Gdyby nie Prince, nie byłoby Lenny`ego Kravitza, The Black Eyed Peas, Outkast i Justina Timberlake`a. Jak mało który muzyk, potrafi on połączyć tak różne gatunki, jak R&B, funk, soul, pop, rock, new wave, blues, jazz czy hip hop i uniknąć artystycznych mielizn.
Eklektyzm stoi także u podstaw jego najnowszego dzieła "Art Official Age", z tym, że akcent został postawiony na taneczność muzyki. Piosenki zachęcają, by wyjść na parkiet. Dominuje w nich żywy funkowy rytm i klimat zabawy, jak w singlowym przeboju "Funknroll". Słychać tu charakterystyczne gitary, dęciaki i elektronikę.
Prince, wzorem Duft Punk, proponuje nam dyskotekę w stylu retro.

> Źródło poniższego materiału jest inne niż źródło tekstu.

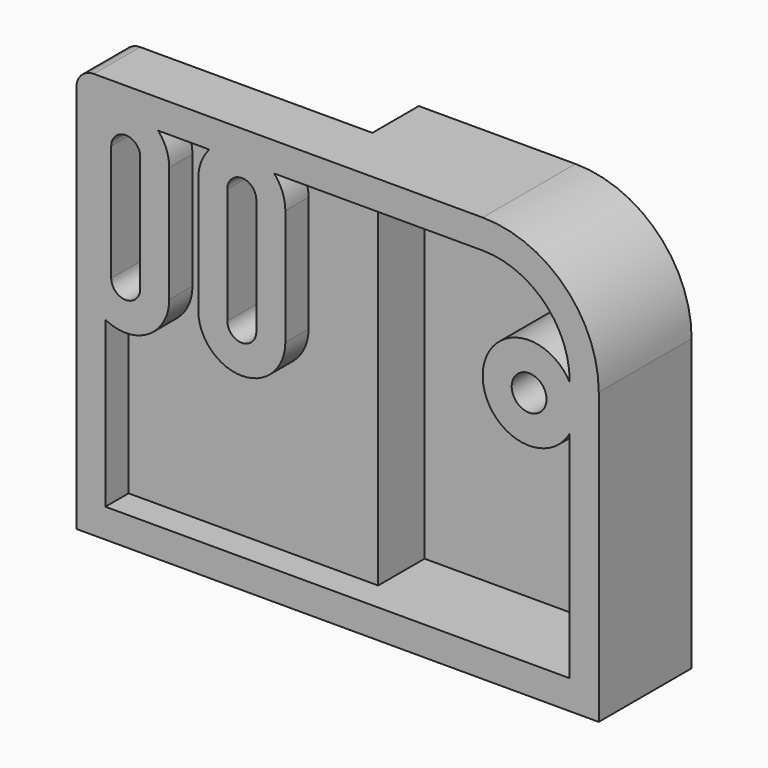
from build123d import *

# Parameters (mm, degrees)
F0_R        = 1.5
F1_DEPTH    = 10
F2_R        = 10
F0_W        = 21.5
F0_H        = 31.25
F3_DEPTH    = 5
F4_T        = 2.5
F4_T3_DEPTH = 26.5
F4_T5_DEPTH = 10
F4_T7_DEPTH = 36.25
F5_R        = 1.5


# Not quite as in the source:
# - a shell that OpenCascade refuses in one call is made with other operations: the cavity is built on its own and cut out


with BuildPart() as f1:
    # F0 (on Front) → F1 (new body)
    with BuildSketch(Plane.XZ):
        Polygon((25.1467653117, 20.7663856067), (1.6467653117, 20.7663856067), (1.6467653117, -10.4836143933), (-19.8532346883, -10.4836143933), (-19.8532346883, -14.2336143933), (25.1467653117, -14.2336143933), align=None)
        with Locations((19.1467653117, 8.7663856067)):
            Circle(F0_R, mode=Mode.SUBTRACT)
    extrude(amount=-F1_DEPTH)

    # F2
    f2_edges = [f1.edges().sort_by_distance(p)[0] for p in [
        (25.146765, 5, 20.766386),
    ]]
    fillet(f2_edges, radius=F2_R)

    # F0 (on Front) → F3 (join)
    with BuildSketch(Plane.XZ):
        with Locations((-9.1032346883, 5.1413856067)):
            Rectangle(F0_W, F0_H)
        with BuildLine():
            ThreePointArc((-16.8532346883, 15.7663856067), (-15.6032346883, 17.0163856067), (-14.3532346883, 15.7663856067))
            Line((-14.3532346883, 15.7663856067), (-14.3532346883, 5.7663856067))
            ThreePointArc((-14.3532346883, 5.7663856067), (-15.6032346883, 4.5163856067), (-16.8532346883, 5.7663856067))
            Line((-16.8532346883, 5.7663856067), (-16.8532346883, 15.7663856067))
        make_face(mode=Mode.SUBTRACT)
        with BuildLine():
            ThreePointArc((-6.8532346883, 15.7663856067), (-5.6032346883, 17.0163856067), (-4.3532346883, 15.7663856067))
            Line((-4.3532346883, 15.7663856067), (-4.3532346883, 5.7663856067))
            ThreePointArc((-4.3532346883, 5.7663856067), (-5.6032346883, 4.5163856067), (-6.8532346883, 5.7663856067))
            Line((-6.8532346883, 5.7663856067), (-6.8532346883, 15.7663856067))
        make_face(mode=Mode.SUBTRACT)
    extrude(amount=-F3_DEPTH)

    # F4: shell of thickness 2.5, made by hand


with BuildPart() as f4_core1:
    # F4_t2: copy of F1
    add(f1.part)

    # the walls: a layer under each face that stays
    f4_faces = [f4_core1.faces().sort_by_distance(p)[0] for p in [
        (25.1467653117, 5, -1.7336143933),
        (2.6467653117, 10, 3.2663856067),
        (17.6467653117, 5, 8.7663856067),
        (-9.1032346883, 7.5, -10.4836143933),
        (-9.1032346883, 5, 5.1413856067),
        (-5.6032346883, 2.5, 4.5163856067),
        (-4.3532346883, 2.5, 10.7663856067),
        (-5.6032346883, 2.5, 17.0163856067),
        (-6.8532346883, 2.5, 10.7663856067),
        (-15.6032346883, 2.5, 4.5163856067),
        (-14.3532346883, 2.5, 10.7663856067),
        (-15.6032346883, 2.5, 17.0163856067),
        (-16.8532346883, 2.5, 10.7663856067),
        (1.6467653117, 7.5, 5.1413856067),
        (-19.8532346883, 1.6666666667, 14.9330522734),
        (9.3134319783, 8.3333333333, 20.7663856067),
        (2.6467653117, 5, -14.2336143933),
        (22.2178331235, 5, 17.8374534186),
    ]]
    thicken(f4_faces, amount=-F4_T, mode=Mode.SUBTRACT)

    # F4_s4 → F4_t3 (cut)
    with BuildSketch(Plane.YZ.offset(-22.3532346883)):
        Polygon((5.025, -10.4586143933), (5, -12.9836143933), (2.5, -12.9836143933), (2.5, -10.4836143933), align=None)
    extrude(amount=F4_T3_DEPTH, mode=Mode.SUBTRACT)

    # F4_s6 → F4_t5 (cut)
    with BuildSketch(Plane.XZ.offset(-12.5)):
        Polygon((1.6217653117, -10.4586143933), (1.6467653117, -12.9836143933), (4.1467653117, -12.9836143933), (4.1467653117, -10.4836143933), align=None)
    extrude(amount=F4_T5_DEPTH, mode=Mode.SUBTRACT)

    # F4_s8 → F4_t7 (cut)
    with BuildSketch(Plane.XY.offset(-12.9836143933)):
        Polygon((1.6217653117, 5.025), (1.6467653117, 2.5), (4.1467653117, 2.5), (4.1467653117, 5), align=None)
    extrude(amount=F4_T7_DEPTH, mode=Mode.SUBTRACT)


with BuildPart() as f1_1:
    add(f1.part)

    # what is left inside the walls is the cavity
    f4_cavity = [f4_core1.part.solids().sort_by_distance(p)[0] for p in [
        (2.646765, 0.025, -1.733614),
    ]]
    add(f4_cavity, mode=Mode.SUBTRACT)

    # F5
    f5_edges = [f1_1.edges().sort_by_distance(p)[0] for p in [
        (-19.853235, 2.5, 20.766386),
    ]]
    fillet(f5_edges, radius=F5_R)


solid = f1_1.part
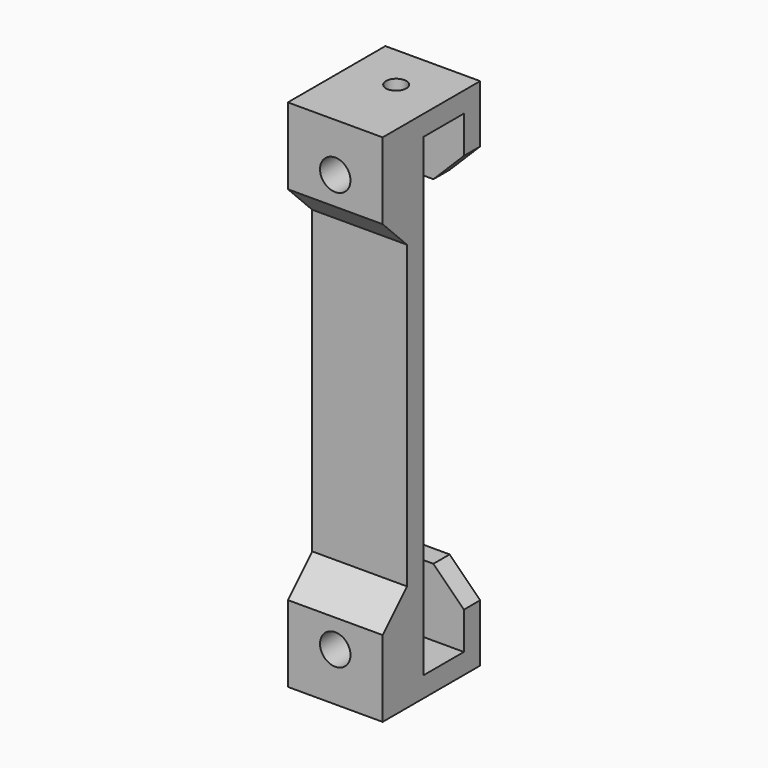
from build123d import *

# Parameters (mm, degrees)
F1_DEPTH = 7
F2_SIZE  = 4.49999
F3_R     = 2.25
F4_DEPTH = 7.5
F5_R     = 1.5
F6_DEPTH = 76.001


# Not quite as in the source:
# - a fillet or chamfer is up to 0.001 mm smaller than in the source, because OpenCascade refuses the exact size


with BuildPart() as f1:
    # F0 (on Right) → F1 (new body, symmetric)
    with BuildSketch(Plane.YZ):
        Polygon((-3.75, 35), (3.75, 35), (3.75, 25), (6.75, 25), (6.75, 38), (-11.25, 38), (-11.25, 26.71), (-6.75, 26.71), (-6.75, -26.71), (-11.25, -26.71), (-11.25, -38), (6.75, -38), (6.75, -25), (3.75, -25), (3.75, -35), (-3.75, -35), align=None)
    extrude(amount=F1_DEPTH, both=True)

    # F2 (size 4.5 in the source; OpenCascade refuses exactly that, so slightly less here)
    f2_edges = [f1.edges().sort_by_distance(p)[0] for p in [
        (0, -6.75, 26.71),
        (0, -6.75, -26.71),
        (-7, 5.25, 25),
        (7, 5.25, 25),
        (-7, 5.25, -25),
        (7, 5.25, -25),
    ]]
    chamfer(f2_edges, length=F2_SIZE)

    # F3 (on face) → F4 (cut, through all)
    with BuildSketch(Plane.XZ.offset(11.25)):
        with Locations((0, 30.855)):
            Circle(F3_R)
        with Locations((0, -30.855)):
            Circle(F3_R)
    extrude(amount=-F4_DEPTH, mode=Mode.SUBTRACT)

    # F5 (on face) → F6 (cut, through all)
    with BuildSketch(Plane.XY.offset(38)):
        Circle(F5_R)
    extrude(amount=-F6_DEPTH, mode=Mode.SUBTRACT)


solid = f1.part

Utwory z jednej strony nawiązują do czasów Funkadelic/Parliament, z drugiej zaś - do muzyki lat 80., której sam tworzył podwaliny. Nieobce są mu także współczesne produkcje gwiazd R'n'B, z Justinem Timberlakiem na czele.
Artysta wciąż pozostaje symbolem seksu, a jego wokal i teksty ociekają erotyką. Równocześnie z "Art Official Age" ukazał się oddzielny album "Plectrumelectrum", firmowany przez Księcia i towarzyszącą mu żeńską grupę 3rdEyeGirl.